KENYA – Kenya has registered a 91% decline in dairy products exports in the second quarter of the year to 20,984 kilogrammes compared to 233,132 kilogrammes exported in the first quarter due to COVID-19 disruptions and low production.

According to a status report by the Kenya Dairy Board (KDB), January saw 46,725 kg sold with February recording sales of 81,682 kg and March is said to be the best month with 94,725 kg of dairy products processed and exported to the Middle East and West African markets.

The good start was disrupted by the COVID-19 pandemic with the country registering the worst decline in May at 5,169 kg while June recorded 5,488 kilogrammes, reports Business Daily.

“Despite a good start, milk deliveries have declined since the onset of the coronavirus pandemic in March, falling by three per cent in the first six months of 2020 compared to the same period last year, where the greatest drop was between April and July 2020 at five per cent,” said KDB managing director Margaret Kibogy.

Milk volumes marketed in the formal market dropped from 63.4 million litres in January to 40.2 million litres in June.

Ms Kibogy has revealed that the industry has a 4.2 million litres daily processing capacity but only 1.34 million litres or only 31 per cent is being utilised thus calling for heightened utilisation.

Under the Cash Cow Initiative, KDB is seeking to open up vast chunks of public land for fodder cultivation by resident dairy co-operative that will also be trained on bulking and silage making, thereby ensuring a round the year availability of feeds for dairy animals.

She said major investments in the purchase of milk coolers had also raised availability of cooling facilities in the country to 3.4 million litres per day, but that farmers were using only 37 per cent capacity (1.26 million litres).

Kenya had 47 licensed processors as at December 2019, having increased from 26 in operation in 2018.

Milk price changes

The falling supplies have however resulted in an increase in the farm gate price of milk.  State-owned, dairy processor New KCC has increased its price from Sh33 per litre to Sh42.

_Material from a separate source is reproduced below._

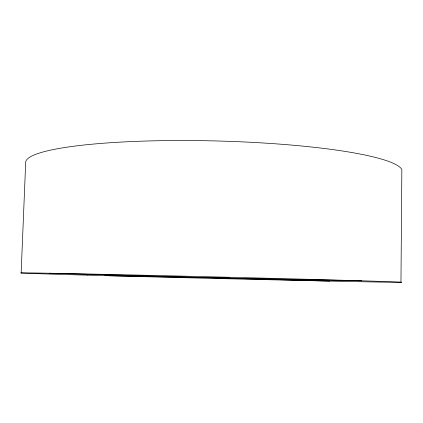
<?xml version="1.0" encoding="UTF-8"?>
<svg xmlns="http://www.w3.org/2000/svg" width="423" height="423" viewBox="0 0 423 423"><rect width="100%" height="100%" fill="white"/><g stroke="black" fill="none" stroke-linecap="round" stroke-linejoin="round"><path stroke-width="0.63" d="M400.962 282.173L401.85 169.538A188.431 26.131 1.4 0 0 205.483 140.727A188.431 26.131 1.4 0 0 25.671 162.892L21.15 272.967M197.419 277.388L192.862 277.329L229.826 278.223L49.205 273.237M104.983 275.637L199.08 277.53M223.994 278.033L361.612 280.798M224.798 278.154L329.723 281.094M87.154 275.146A190.271 0.767 1.4 0 0 398.202 282.31A190.271 0.767 1.4 0 0 148.626 275.341A190.271 0.767 1.4 0 0 87.154 275.146"/></g></svg>

Brookside, privately owned processor has also upped its price of milk by 17 per cent to Sh40 per litre.

John Gethi, Brookside’s director of milk procurement, said the price review had been necessitated by a change in the prevailing market conditions in the dairy value chain.

The rise in producer price signals high cost for consumers as processors will have to recover the higher cost through the retail market.

However, normal production is expected to pick up in October with the onset of the short rains.

At the same time, grain millers have scaled down on milling creating a shortage of the by-products for animal feeds manufacturers, pushing up the price of the key supplements and setting stage for higher cost to farmers.

Maize and wheat millers have cut down on processing because of unmoving stocks of maize flour on the shelf that has left them stuck with huge quantities of unsold products.